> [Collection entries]

:::::

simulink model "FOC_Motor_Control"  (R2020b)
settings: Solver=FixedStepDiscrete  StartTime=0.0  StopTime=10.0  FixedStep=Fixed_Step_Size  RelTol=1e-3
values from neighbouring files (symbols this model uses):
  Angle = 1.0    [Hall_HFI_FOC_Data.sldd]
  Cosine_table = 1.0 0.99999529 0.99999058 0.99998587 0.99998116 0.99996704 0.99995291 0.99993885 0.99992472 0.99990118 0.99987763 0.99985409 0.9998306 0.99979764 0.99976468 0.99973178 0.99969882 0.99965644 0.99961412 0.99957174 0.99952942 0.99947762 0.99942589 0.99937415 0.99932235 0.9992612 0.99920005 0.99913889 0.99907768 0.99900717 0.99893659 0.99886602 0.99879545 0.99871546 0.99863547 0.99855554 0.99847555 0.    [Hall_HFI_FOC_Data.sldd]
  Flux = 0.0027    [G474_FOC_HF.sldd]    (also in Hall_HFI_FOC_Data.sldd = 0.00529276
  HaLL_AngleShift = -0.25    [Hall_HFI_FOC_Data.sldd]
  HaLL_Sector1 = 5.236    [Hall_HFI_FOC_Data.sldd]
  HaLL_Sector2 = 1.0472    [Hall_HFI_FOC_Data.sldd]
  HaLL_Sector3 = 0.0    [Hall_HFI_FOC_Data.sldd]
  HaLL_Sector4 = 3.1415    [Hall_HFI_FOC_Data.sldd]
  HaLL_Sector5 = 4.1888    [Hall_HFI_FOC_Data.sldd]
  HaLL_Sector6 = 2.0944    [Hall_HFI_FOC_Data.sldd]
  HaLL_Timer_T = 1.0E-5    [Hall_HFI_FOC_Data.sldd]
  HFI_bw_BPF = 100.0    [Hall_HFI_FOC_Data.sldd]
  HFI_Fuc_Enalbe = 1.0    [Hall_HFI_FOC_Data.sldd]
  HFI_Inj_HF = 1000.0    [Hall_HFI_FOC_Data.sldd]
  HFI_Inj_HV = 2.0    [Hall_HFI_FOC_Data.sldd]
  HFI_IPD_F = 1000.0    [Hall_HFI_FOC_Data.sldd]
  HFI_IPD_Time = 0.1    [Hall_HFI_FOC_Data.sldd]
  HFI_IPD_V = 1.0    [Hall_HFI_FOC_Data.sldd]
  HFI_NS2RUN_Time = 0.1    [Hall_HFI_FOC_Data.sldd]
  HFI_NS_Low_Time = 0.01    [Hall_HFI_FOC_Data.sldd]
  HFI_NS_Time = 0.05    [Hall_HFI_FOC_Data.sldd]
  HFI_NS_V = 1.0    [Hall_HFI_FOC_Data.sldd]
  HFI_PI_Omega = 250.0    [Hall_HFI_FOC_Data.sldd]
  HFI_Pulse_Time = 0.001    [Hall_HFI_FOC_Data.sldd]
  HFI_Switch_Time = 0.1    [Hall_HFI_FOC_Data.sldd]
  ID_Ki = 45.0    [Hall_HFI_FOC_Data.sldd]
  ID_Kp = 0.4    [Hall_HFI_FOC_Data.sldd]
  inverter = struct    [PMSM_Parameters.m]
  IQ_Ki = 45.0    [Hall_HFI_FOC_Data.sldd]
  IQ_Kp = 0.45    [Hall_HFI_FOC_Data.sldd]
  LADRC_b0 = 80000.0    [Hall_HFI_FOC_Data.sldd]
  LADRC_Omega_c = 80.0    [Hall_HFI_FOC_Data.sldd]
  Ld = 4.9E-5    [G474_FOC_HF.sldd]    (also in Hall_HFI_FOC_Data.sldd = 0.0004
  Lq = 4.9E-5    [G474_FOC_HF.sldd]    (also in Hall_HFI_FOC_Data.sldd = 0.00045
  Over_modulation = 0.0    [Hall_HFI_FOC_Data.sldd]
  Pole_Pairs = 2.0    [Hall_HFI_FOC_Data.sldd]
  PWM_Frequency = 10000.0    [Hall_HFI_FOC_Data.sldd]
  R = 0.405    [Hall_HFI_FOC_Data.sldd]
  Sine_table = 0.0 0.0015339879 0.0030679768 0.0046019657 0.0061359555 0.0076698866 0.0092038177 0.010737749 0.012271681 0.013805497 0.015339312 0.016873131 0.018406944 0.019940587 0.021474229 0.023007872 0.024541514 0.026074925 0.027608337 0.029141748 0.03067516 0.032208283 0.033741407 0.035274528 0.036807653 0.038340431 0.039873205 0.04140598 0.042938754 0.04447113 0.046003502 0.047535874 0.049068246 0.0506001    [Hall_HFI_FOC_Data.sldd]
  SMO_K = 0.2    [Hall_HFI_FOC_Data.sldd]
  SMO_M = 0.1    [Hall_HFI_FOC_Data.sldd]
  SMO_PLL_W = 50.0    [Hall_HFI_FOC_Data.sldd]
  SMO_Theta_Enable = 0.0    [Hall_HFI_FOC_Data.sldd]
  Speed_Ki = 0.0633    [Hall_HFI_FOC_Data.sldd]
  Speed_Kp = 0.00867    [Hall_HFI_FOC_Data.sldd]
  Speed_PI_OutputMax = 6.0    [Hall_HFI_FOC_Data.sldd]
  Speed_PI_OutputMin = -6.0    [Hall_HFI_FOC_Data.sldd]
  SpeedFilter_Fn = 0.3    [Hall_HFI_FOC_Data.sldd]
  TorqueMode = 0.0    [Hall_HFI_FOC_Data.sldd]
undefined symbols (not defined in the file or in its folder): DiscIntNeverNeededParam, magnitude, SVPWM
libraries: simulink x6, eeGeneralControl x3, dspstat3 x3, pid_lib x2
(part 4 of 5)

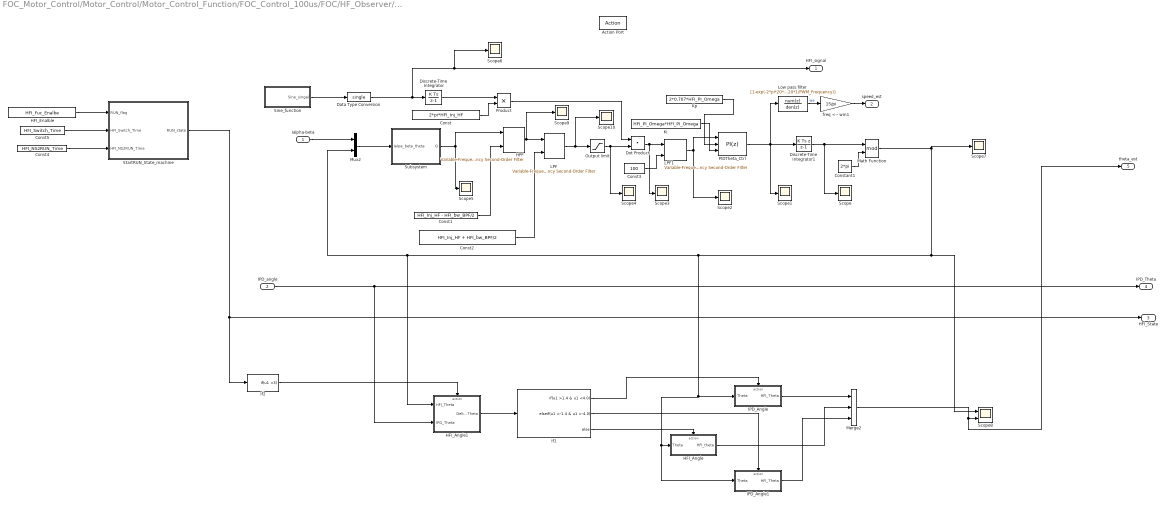
== system FOC_Motor_Control/Motor_Control/Motor_Control_Function/FOC_Control_100us/FOC/HF_Observer/HFI_Function/HFI ==
  Ialpha-beta : Inport
  IPD_angle : Inport  Port=2
  Action Port : ActionPort  ActionPortLabel=case [ 3 ]:
  Const : Constant  Value=2*pi*HFI_Inj_HF  OutDataTypeStr=single
  Const1 : Constant  Value=HFI_Inj_HF - HFI_bw_BPF/2  OutDataTypeStr=single
  Const2 : Constant  Value=HFI_Inj_HF + HFI_bw_BPF/2  OutDataTypeStr=single
  Const3 : Constant  Value=100  OutDataTypeStr=single
  Const4 : Constant  Value=HFI_NS2RUN_Time  OutDataTypeStr=single
  Const5 : Constant  Value=HFI_Switch_Time  OutDataTypeStr=single
  Constant1 : Constant  Value=2*pi  OutDataTypeStr=single
  Data Type Conversion : DataTypeConversion  OutDataTypeStr=single
  Discrete-Time Integrator : DiscreteIntegrator  SampleTime=-1  ICPrevOutput=DiscIntNeverNeededParam  ICPrevScaledInput=DiscIntNeverNeededParam
  Discrete-Time Integrator1 : DiscreteIntegrator  IntegratorMethod=Integration: Backward Euler  SampleTime=-1  ICPrevOutput=DiscIntNeverNeededParam  ICPrevScaledInput=DiscIntNeverNeededParam
  Dot Product : DotProduct  InputSameDT=on  OutDataTypeStr=Inherit: Inherit via internal rule
  HFI_Angle : Subsystem
  HFI_Angle1 : Subsystem
  HFI_Enalble : Constant  Value=HFI_Fuc_Enalbe  VectorParams1D=off  OutDataTypeStr=uint8
  HPF : eeGeneralControl/Variable-Frequency Second-Order Filter  FilterType=High-pass  fn=60  Zeta=single(0.3)  Ts=-1  A0=0  Ph0=0  f0=0  b0=0
      settings: SourceProductBaseCode=PS
  IPD_Angle : Subsystem
  IPD_Angle1 : Subsystem
  If1 : If  IfExpression=u1 >1.4 & u1 <4.0  ElseIfExpressions=u1 <-1.4 & u1 >-4.0
  If2 : If  IfExpression=u1 <3  ShowElse=off
  Ki : Constant  Value=HFI_PI_Omega*HFI_PI_Omega  OutDataTypeStr=single
  Kp : Constant  Value=2*0.707*HFI_PI_Omega  OutDataTypeStr=single
  LPF : eeGeneralControl/Variable-Frequency Second-Order Filter  FilterType=Low-pass  fn=60  Zeta=single(0.3)  Ts=-1  A0=0  Ph0=0  f0=0  b0=0
      settings: SourceProductBaseCode=PS
  LPF1 : eeGeneralControl/Variable-Frequency Second-Order Filter  FilterType=Low-pass  fn=60  Zeta=single(0.707)  Ts=-1  A0=0  Ph0=0  f0=0  b0=0
      settings: SourceProductBaseCode=PS
  Low pass filter : DiscreteTransferFcn  Numerator=[1-exp(-2*pi*20*1/PWM_Frequency)]  Denominator=[1 -exp(-2*pi*20*1/PWM_Frequency)]
  Math Function : Math  Operator=mod  SignedPower=on  SaturateOnIntegerOverflow=on
  Merge2 : Merge  Inputs=3
  Mux2 : Mux  Inputs=2
  Output limit : Saturate
  PIDTheta_Ctrl : pid_lib/PID Controller  Controller=PI  Form=Parallel  TimeDomain=Discrete-time  UseExternalTs=off  SampleTime=-1  IntegratorMethod=Forward Euler  FilterMethod=Forward Euler  ControllerParametersSource=external  P=2*0.707*SMO_PLL_W  I=SMO_PLL_W*SMO_PLL_W  D=0  UseFilter=on  N=100  TunerSelectOption=Transfer Function Based (PID Tuner App)  ZeroCross=off  InitialConditionSource=internal  InitialConditionForIntegrator=1  InitialConditionForFilter=0  DifferentiatorICPrevScaledInput=0  ExternalReset=none  TrackingMode=off  Kt=1  LimitOutput=on  SatLimitsSource=internal  UpperSaturationLimit=2*pi*500  LowerSaturationLimit=-2*pi*500  LinearizeAsGain=off  AntiWindupMode=clamping  Kb=50  POutMin=[]  POutMax=[]  IOutMin=[]  IOutMax=[]  DOutMin=[]  DOutMax=[]  NOutMin=[]  NOutMax=[]  SumOutMin=[]  SumOutMax=[]  SaturationOutDataTypeStr=Inherit: Inherit via back propagation  SaturationOutMin=[]  SaturationOutMax=[]  PParamMin=[]  PParamMax=[]  IParamMin=[]  IParamMax=[]  DParamMin=[]  DParamMax=[]  NParamMin=[]  NParamMax=[]  KbParamMin=[]  KbParamMax=[]  KtParamMin=[]  KtParamMax=[]  KbOutMin=[]  KbOutMax=[]  KtOutMin=[]  KtOutMax=[]  IntegratorOutMin=[]  IntegratorOutMax=[]  FilterOutMin=[]  FilterOutMax=[]  SumI1OutMin=[]  SumI1OutMax=[]  SumI2OutMin=[]  SumI2OutMax=[]  SumI3OutMin=[]  SumI3OutMax=[]  SumI4OutMin=[]  SumI4OutMax=[]  SumDOutMin=[]  SumDOutMax=[]  DifferentiatorOutMin=[]  DifferentiatorOutMax=[]  FilterDiffOutCoefMin=[]  FilterDiffOutCoefMax=[]  ReciprocalOutMin=[]  ReciprocalOutMax=[]  SumDenOutMin=[]  SumDenOutMax=[]  SumNumOutMin=[]  SumNumOutMax=[]  DivideOutMin=[]  DivideOutMax=[]  UdiffTsProdOutMin=[]  UdiffTsProdOutMax=[]  NTsProdOutMin=[]  NTsProdOutMax=[]  UintegralTsProdOutMin=[]  UintegralTsProdOutMax=[]  UngainTsProdOutMin=[]  UngainTsProdOutMax=[]  IntegratorContinuousStateAttributes=''  IntegratorStateMustResolveToSignalObject=off  IntegratorRTWStateStorageClass=Auto  FilterContinuousStateAttributes=''  FilterStateMustResolveToSignalObject=off  FilterRTWStateStorageClass=Auto  ParallelPVariant=ExternalParameters  IdealPVariant=Disabled  IVariant=ExternalParameters  DVariant=Disabled  IntegratorVariant=Discrete  SatVariant=Enabled  AWVariant=DiscClampingParallel  PCopyVariant=Disabled  TRVariant=Disabled  FdbkBlocksVariant=Forward  IdealPFdbkVariant=Disabled  SatFdbkVariant=Disabled  DerivativeFilterVariant=Disabled  NVariant=Disabled  NCopyVariant=Disabled_SignalSpec  FilterICVariant=Disabled  IntegratorICVariant=InternalICs  ExternalResetVariant=Disabled  TRSumVariant=Passthrough  SumFdbkVariant=Disabled  SumVariant=Sum_PI  TsampFilterVariant=InternalTs  TsampNgainVariant=Passthrough  TsampIntegralVariant=Passthrough  ExternalSaturationOutDataTypeStr=Inherit: Same as second input
  Product : Product
  Scope{,1..7,9..10} (10 alike) : Scope
  Scope8 : Scope  NumInputPorts=2
  Sine_function : Subsystem
      settings: RTWSystemCode=Nonreusable function  RTWFcnNameOpts=Use subsystem name
  StartRUN_State_machine : Stateflow chart  TreatAsAtomicUnit=on
      settings: RTWSystemCode=Nonreusable function  RTWFcnNameOpts=Use subsystem name
  Subsystem : Subsystem
  freq <-- wm1 : Gain  Gain=15/pi
  HFI_signal : Outport
  speed_est : Outport  Port=2
  HFI_State : Outport  Port=3
  IPD_Theta : Outport  Port=4
  theta_est : Outport  Port=5
  wires:
  Mux2/1 -> Subsystem/1(Ialpa_beta_theta)
  Ialpha-beta/1 -> Mux2/1
  Subsystem/1(Q) -> Scope5/1, HPF/1
  freq <-- wm1/1 -> speed_est/1
  Discrete-Time Integrator1/1 -> Scope/1, Math Function/1
  LPF1/1 -> PIDTheta_Ctrl/1, Scope2/1
  Low pass filter/1 -> freq <-- wm1/1  "we"
  Discrete-Time Integrator/1 -> Product/1
  Product/1 -> Dot Product/1
  Dot Product/1 -> Scope3/1, LPF1/1
  Constant1/1 -> Math Function/2
  LPF/1 -> Output limit/1, Scope10/1
  Const/1 -> Product/2
  Sine_function/1(Sine_singal) -> Data Type Conversion/1
  Data Type Conversion/1 -> Scope6/1, HFI_signal/1, Discrete-Time Integrator/1
  HFI_Enalble/1 -> StartRUN_State_machine/1(RUN_flag)
  StartRUN_State_machine/1(RUN_state) -> If2/1, HFI_State/1
  IPD_angle/1 -> HFI_Angle1/2(IPD_Theta), IPD_Theta/1
  Math Function/1 -> IPD_Angle1/1(Theta), HFI_Angle/1(Theta), IPD_Angle/1(Theta), HFI_Angle1/1(HFI_Theta), Mux2/2, Scope8/1, Scope7/1
  PIDTheta_Ctrl/1 -> Scope1/1, Low pass filter/1, Discrete-Time Integrator1/1
  If1/1 -> IPD_Angle/Action
  HFI_Angle/1(HFI_theta) -> Merge2/2
  If1/3 -> HFI_Angle/Action
  IPD_Angle/1(HFI_Theta) -> Merge2/1
  HFI_Angle1/1(Delta_Theta) -> If1/1
  If2/1 -> HFI_Angle1/Action
  Merge2/1 -> theta_est/1, Scope8/2
  If1/2 -> IPD_Angle1/Action
  IPD_Angle1/1(HFI_Theta) -> Merge2/3
  Const1/1 -> HPF/2
  Const2/1 -> LPF/2
  Const3/1 -> LPF1/2
  Const5/1 -> StartRUN_State_machine/2(HFI_Switch_Time)
  Const4/1 -> StartRUN_State_machine/3(HFI_NS2RUN_Time)
  HPF/1 -> Scope9/1, LPF/1
  Ki/1 -> PIDTheta_Ctrl/3
  Kp/1 -> PIDTheta_Ctrl/2
  Output limit/1 -> Scope4/1, Dot Product/2

== system FOC_Motor_Control/Motor_Control/Motor_Control_Function/FOC_Control_100us/FOC/HF_Observer/HFI_Function/IPD ==
  Iabc : Inport  PortDimensions=3
  Action Port : ActionPort  ActionPortLabel=case [ 1 ]:
  7 : Fcn  Expr=u[1]*u[3]
  8 : Fcn  Expr=u[1]*u[2]
  Constant : Constant  Value=HFI_IPD_V
  Demux1 : Demux  Outputs=3
  HF_Angle : Subsystem
  Mux : Mux  Inputs=3
  Scope : Scope
  Sine_Cosine : Subsystem  TreatAsAtomicUnit=on
      settings: RTWSystemCode=Nonreusable function  RTWFcnNameOpts=Use subsystem name
  Theta_cacl : Subsystem
      settings: RTWSystemCode=Nonreusable function
  Ualpha : Outport
  Ubeta : Outport  Port=2
  Theta : Outport  Port=3
  wires:
  Sine_Cosine/1(Sin) -> Mux/2
  Sine_Cosine/2(Cos) -> Mux/3
  Constant/1 -> Mux/1
  Mux/1 -> 8/1, 7/1
  7/1 -> Ualpha/1
  8/1 -> Ubeta/1
  Iabc/1 -> Scope/1, Demux1/1  "Phase_CurrentABC"
  HF_Angle/1(Theta_V) -> Sine_Cosine/1(P)
  Demux1/3 -> Theta_cacl/3(Ic)
  Demux1/2 -> Theta_cacl/2(Ib)
  Theta_cacl/1(Theta) -> Theta/1
  Demux1/1 -> Theta_cacl/1(Ia)

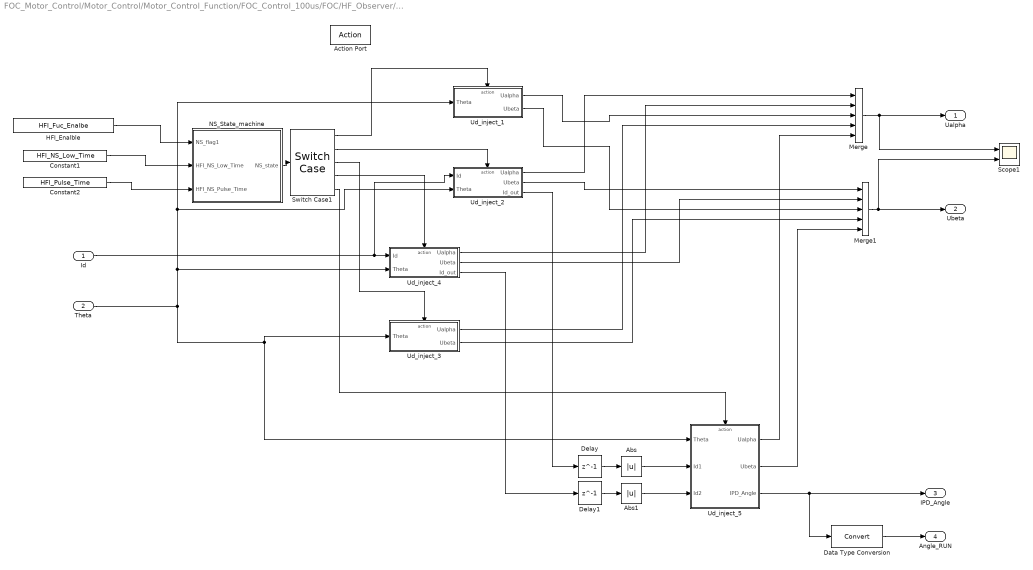
== system FOC_Motor_Control/Motor_Control/Motor_Control_Function/FOC_Control_100us/FOC/HF_Observer/HFI_Function/NS ==
  Id : Inport
  Theta : Inport  Port=2
  Action Port : ActionPort  ActionPortLabel=case [ 2 ]:
  Abs : Abs
  Abs1 : Abs
  Constant1 : Constant  Value=HFI_NS_Low_Time  OutDataTypeStr=single
  Constant2 : Constant  Value=HFI_Pulse_Time  OutDataTypeStr=single
  Data Type Conversion : DataTypeConversion
  Delay : Delay  DelayLength=1  InitialCondition=0
  Delay1 : Delay  DelayLength=1  InitialCondition=0
  HFI_Enalble : Constant  Value=HFI_Fuc_Enalbe  OutDataTypeStr=uint8
  Merge : Merge  Inputs=5
  Merge1 : Merge  Inputs=5
  NS_State_machine : Stateflow chart  TreatAsAtomicUnit=on
      settings: RTWSystemCode=Nonreusable function  RTWFcnNameOpts=Use subsystem name
  Scope1 : Scope  NumInputPorts=2
  Switch Case1 : SwitchCase  CaseConditions={1,2,3,4,5}  ShowDefaultCase=off
  Ud_inject_1 : Subsystem
  Ud_inject_2 : Subsystem
  Ud_inject_3 : Subsystem
  Ud_inject_4 : Subsystem
  Ud_inject_5 : Subsystem
  Ualpha : Outport
  Ubeta : Outport  Port=2
  IPD_Angle : Outport  Port=3
  Angle_RUN : Outport  Port=4
  wires:
  HFI_Enalble/1 -> NS_State_machine/1(NS_flag1)
  NS_State_machine/1(NS_state) -> Switch Case1/1
  Id/1 -> Ud_inject_2/1(Id), Ud_inject_4/1(Id)
  Merge/1 -> Scope1/1, Ualpha/1
  Ud_inject_2/1(Ualpha) -> Merge/1
  Ud_inject_4/1(Ualpha) -> Merge/2
  Merge1/1 -> Scope1/2, Ubeta/1
  Ud_inject_2/2(Ubeta) -> Merge1/1
  Ud_inject_4/2(Ubeta) -> Merge1/2
  Ud_inject_4/3(Id_out) -> Delay1/1
  Ud_inject_2/3(Id_out) -> Delay/1
  Ud_inject_1/1(Ualpha) -> Merge/3
  Ud_inject_1/2(Ubeta) -> Merge1/3
  Ud_inject_3/1(Ualpha) -> Merge/4
  Ud_inject_3/2(Ubeta) -> Merge1/4
  Switch Case1/1 -> Ud_inject_1/Action
  Switch Case1/2 -> Ud_inject_2/Action
  Theta/1 -> Ud_inject_4/2(Theta), Ud_inject_2/2(Theta), Ud_inject_1/1(Theta), Ud_inject_5/1(Theta), Ud_inject_3/1(Theta)
  Switch Case1/3 -> Ud_inject_3/Action
  Switch Case1/4 -> Ud_inject_4/Action
  Switch Case1/5 -> Ud_inject_5/Action
  Ud_inject_5/1(Ualpha) -> Merge/5
  Ud_inject_5/2(Ubeta) -> Merge1/5
  Abs/1 -> Ud_inject_5/2(Id1)
  Abs1/1 -> Ud_inject_5/3(Id2)
  Ud_inject_5/3(IPD_Angle) -> Data Type Conversion/1, IPD_Angle/1
  Delay/1 -> Abs/1
  Delay1/1 -> Abs1/1
  Data Type Conversion/1 -> Angle_RUN/1
  Constant1/1 -> NS_State_machine/2(HFI_NS_Low_Time)
  Constant2/1 -> NS_State_machine/3(HFI_NS_Pulse_Time)

== system FOC_Motor_Control/Motor_Control/Motor_Control_Function/FOC_Control_100us/FOC/HIGH_SMO/QPLL/Sine_Cosine ==
  note: Sine Cosine Coefficients
  P : Inport
  Cosine : Lookup_n-D  NumberOfTableDimensions=1  LookupTableObject=''  BreakpointsForDimension1=[0:2*pi/4095:2*pi]  BreakpointsForDimension1FirstPoint=10  BreakpointsForDimension2FirstPoint=10  BreakpointsForDimension1Spacing=12  BreakpointsForDimension2Spacing=12  IndexSearchMethod=Evenly spaced points  Table=Cosine_table  InterpMethod=Flat  DiagnosticForOutOfRangeInput=Error  InternalRulePriority=Speed  RndMeth=Simplest  InputSameDT=on
  Saturation : Saturate  UpperLimit=2*pi-0.0001  LowerLimit=0+0.0001
  Scope : Scope  NumInputPorts=2
  Sine : Lookup_n-D  NumberOfTableDimensions=1  LookupTableObject=''  BreakpointsForDimension1=[0:2*pi/4095:2*pi]  BreakpointsForDimension1FirstPoint=10  BreakpointsForDimension2FirstPoint=10  BreakpointsForDimension1Spacing=12  BreakpointsForDimension2Spacing=12  IndexSearchMethod=Evenly spaced points  Table=Sine_table  InterpMethod=Flat  DiagnosticForOutOfRangeInput=Error  InternalRulePriority=Speed  RndMeth=Simplest  InputSameDT=on
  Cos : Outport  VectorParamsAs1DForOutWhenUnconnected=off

:::::

> [PROBLEM DETAILS] If a line falls between the first line of the records and the line containing "HFI_bw_BPF = 100.0", inclusive, repeat it exactly; leave out all others.

> [SOLUTION FOR THIS PROBLEM]
simulink model "FOC_Motor_Control"  (R2020b)
settings: Solver=FixedStepDiscrete  StartTime=0.0  StopTime=10.0  FixedStep=Fixed_Step_Size  RelTol=1e-3
values from neighbouring files (symbols this model uses):
  Angle = 1.0    [Hall_HFI_FOC_Data.sldd]
  Cosine_table = 1.0 0.99999529 0.99999058 0.99998587 0.99998116 0.99996704 0.99995291 0.99993885 0.99992472 0.99990118 0.99987763 0.99985409 0.9998306 0.99979764 0.99976468 0.99973178 0.99969882 0.99965644 0.99961412 0.99957174 0.99952942 0.99947762 0.99942589 0.99937415 0.99932235 0.9992612 0.99920005 0.99913889 0.99907768 0.99900717 0.99893659 0.99886602 0.99879545 0.99871546 0.99863547 0.99855554 0.99847555 0.    [Hall_HFI_FOC_Data.sldd]
  Flux = 0.0027    [G474_FOC_HF.sldd]    (also in Hall_HFI_FOC_Data.sldd = 0.00529276
  HaLL_AngleShift = -0.25    [Hall_HFI_FOC_Data.sldd]
  HaLL_Sector1 = 5.236    [Hall_HFI_FOC_Data.sldd]
  HaLL_Sector2 = 1.0472    [Hall_HFI_FOC_Data.sldd]
  HaLL_Sector3 = 0.0    [Hall_HFI_FOC_Data.sldd]
  HaLL_Sector4 = 3.1415    [Hall_HFI_FOC_Data.sldd]
  HaLL_Sector5 = 4.1888    [Hall_HFI_FOC_Data.sldd]
  HaLL_Sector6 = 2.0944    [Hall_HFI_FOC_Data.sldd]
  HaLL_Timer_T = 1.0E-5    [Hall_HFI_FOC_Data.sldd]
  HFI_bw_BPF = 100.0    [Hall_HFI_FOC_Data.sldd]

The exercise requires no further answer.